The current jail has 741 beds but is chronically overcrowded. A federal judge last year ruled in a lawsuit that conditions at the jail are inhumane and ordered the Allen County Commissioners and the Allen County Sheriff to permanently resolve issue.
Kerley said the Bud Meeks Justice Center, adjacent to the jail downtown, already has courtrooms and a jail lockup.
“We have some parts of the jail that I believe are reusable downtown. I think we should use what we have and either rehab what needs to be rehabbed or add on or just build what we need to meet the requirement of the lawsuit,” Kerley stated.
After a March 2022 opinion U.S. District Court Judge Damon R. Leichty ordering the county to fix the overcrowding and understaffing at the jail, County Commissioners began pushing for a new jail. So far, the commissioners have purchased property to build a new jail as well as hired an architect and a construction manager.
Now they’ve turned to the council for funding.
Kerley said the county might have to “build a secondary or an annex somewhere else to house prisoners that have been sentenced. Everything we can reuse would save us money on something we don’t have to rebuild.”
Council members have been speaking to groups like Help Not Handcuffs. Kerley said the activist groups have now changed from opposing any new jail to accepting the possibility of building alternatives.

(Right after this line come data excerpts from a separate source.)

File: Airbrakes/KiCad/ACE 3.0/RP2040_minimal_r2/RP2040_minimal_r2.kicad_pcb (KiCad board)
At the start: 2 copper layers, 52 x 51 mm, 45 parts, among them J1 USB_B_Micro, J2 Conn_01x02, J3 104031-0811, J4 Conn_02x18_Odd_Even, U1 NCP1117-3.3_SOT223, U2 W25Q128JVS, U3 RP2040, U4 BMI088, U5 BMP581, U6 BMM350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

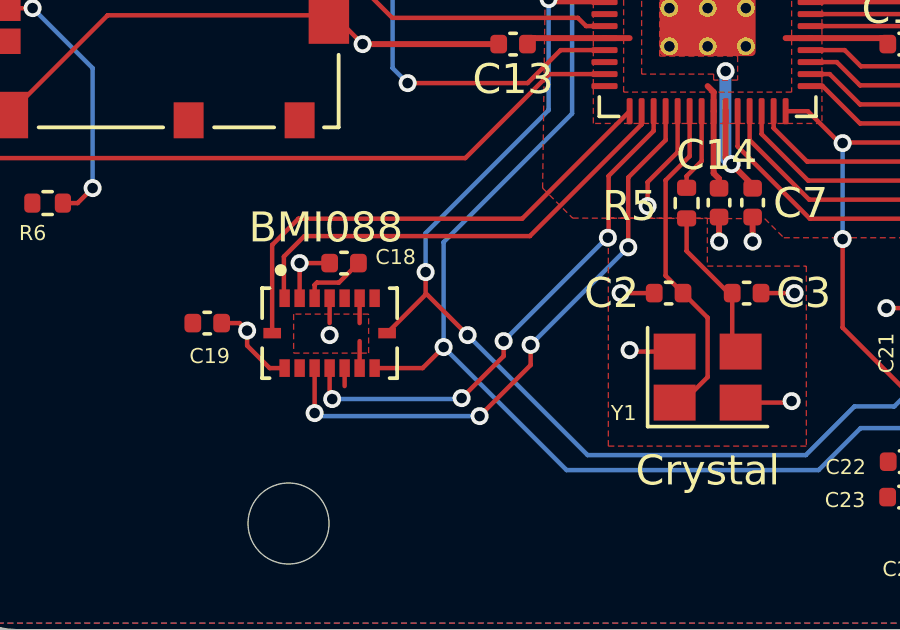
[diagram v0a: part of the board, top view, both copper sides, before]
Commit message: minor via location change
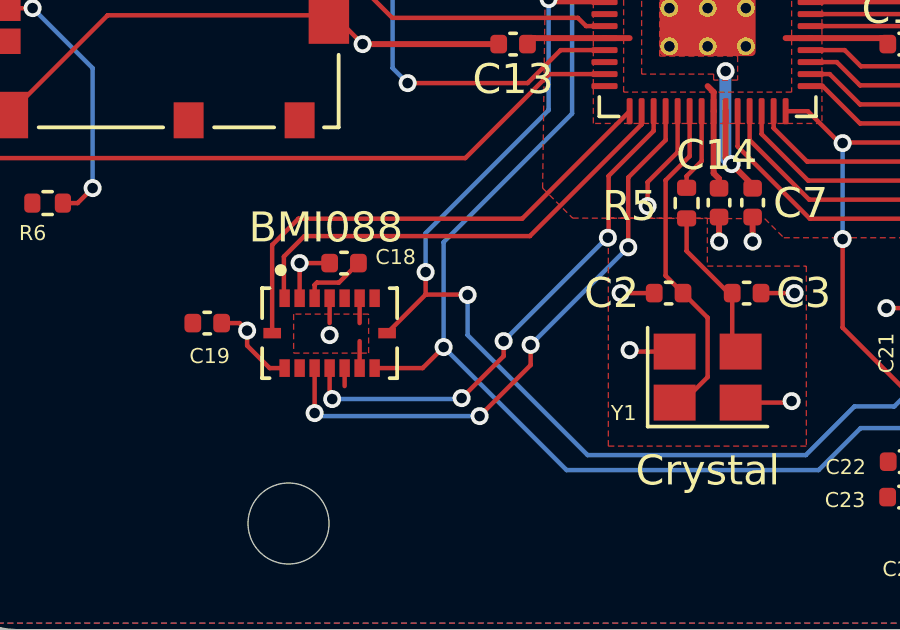
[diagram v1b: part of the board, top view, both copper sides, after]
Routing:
- net /SCL: track 42.5 -> 43.3 mm
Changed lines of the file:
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@@
+	)
+	(segment
+		(start 92 109.56)
+		(end 91.99 109.55)
+		(width 0.15)
+		(layer "F.Cu")
+		(net 44)
 	)
 	(segment
@@
 	)
 	(segment
-		(start 96.5625 99.8)
-		(end 94.8 99.8)
+		(start 91.99 109.55)
+		(end 90.6 109.55)
 		(width 0.15)
 		(layer "F.Cu")
@@
 	)
 	(segment
-		(start 90.6 109.55)
-		(end 90.65 109.55)
+		(start 96.5625 99.8)
+		(end 94.8 99.8)
 		(width 0.15)
 		(layer "F.Cu")
@@
 		(start 110.2 114.9999)
 		(end 110 115.1999)
-		(width 0.15)
-		(layer "F.Cu")
-		(net 44)
-	)
-	(segment
-		(start 90.65 109.55)
-		(end 92 110.9)
 		(width 0.15)
 		(layer "F.Cu")
@@
 	)
 	(via
-		(at 92 110.9)
+		(at 92 109.56)
 		(size 0.6)
 		(drill 0.35)
@@
 		(start 104.893958 113.278854)
 		(end 106.221146 113.278854)
-		(width 0.15)
-		(layer "B.Cu")
-		(net 44)
-	)
-	(segment
-		(start 106.221146 113.278854)
-		(end 107.6 111.9)
 		(width 0.15)
 		(layer "B.Cu")
@@
 		(start 108.5 113.5)
 		(end 108.9 113.9)
+		(width 0.15)
+		(layer "B.Cu")
+		(net 44)
+	)
+	(segment
+		(start 92 109.56)
+		(end 92 110.9)
+		(width 0.15)
+		(layer "B.Cu")
+		(net 44)
+	)
+	(segment
+		(start 106.221146 113.278854)
+		(end 107.6 111.9)
 		(width 0.15)
 		(layer "B.Cu")
@@
 	)
 	(segment
-		(start 92 110.9)
-		(end 96 114.9)
+		(start 103.272812 114.9)
+		(end 104.893958 113.278854)
 		(width 0.15)
 		(layer "B.Cu")
@@
 	)
 	(segment
-		(start 103.272812 114.9)
-		(end 104.893958 113.278854)
+		(start 92 110.9)
+		(end 96 114.9)
 		(width 0.15)
 		(layer "B.Cu")

”At least there’s been some collaboration between some council members and these community groups to say ‘hey’ we’ve got to find a path forward. We’re trying to be that ear that the community has wanted this entire process,” Kerley said.
Meanwhile, no re-vote on the Jail LIT tax has been set. County Council voted down the Jail LIT this past summer 4-2.
As far as the .2% jail LIT, residents can calculate what they would owe by multiplying their income by .002.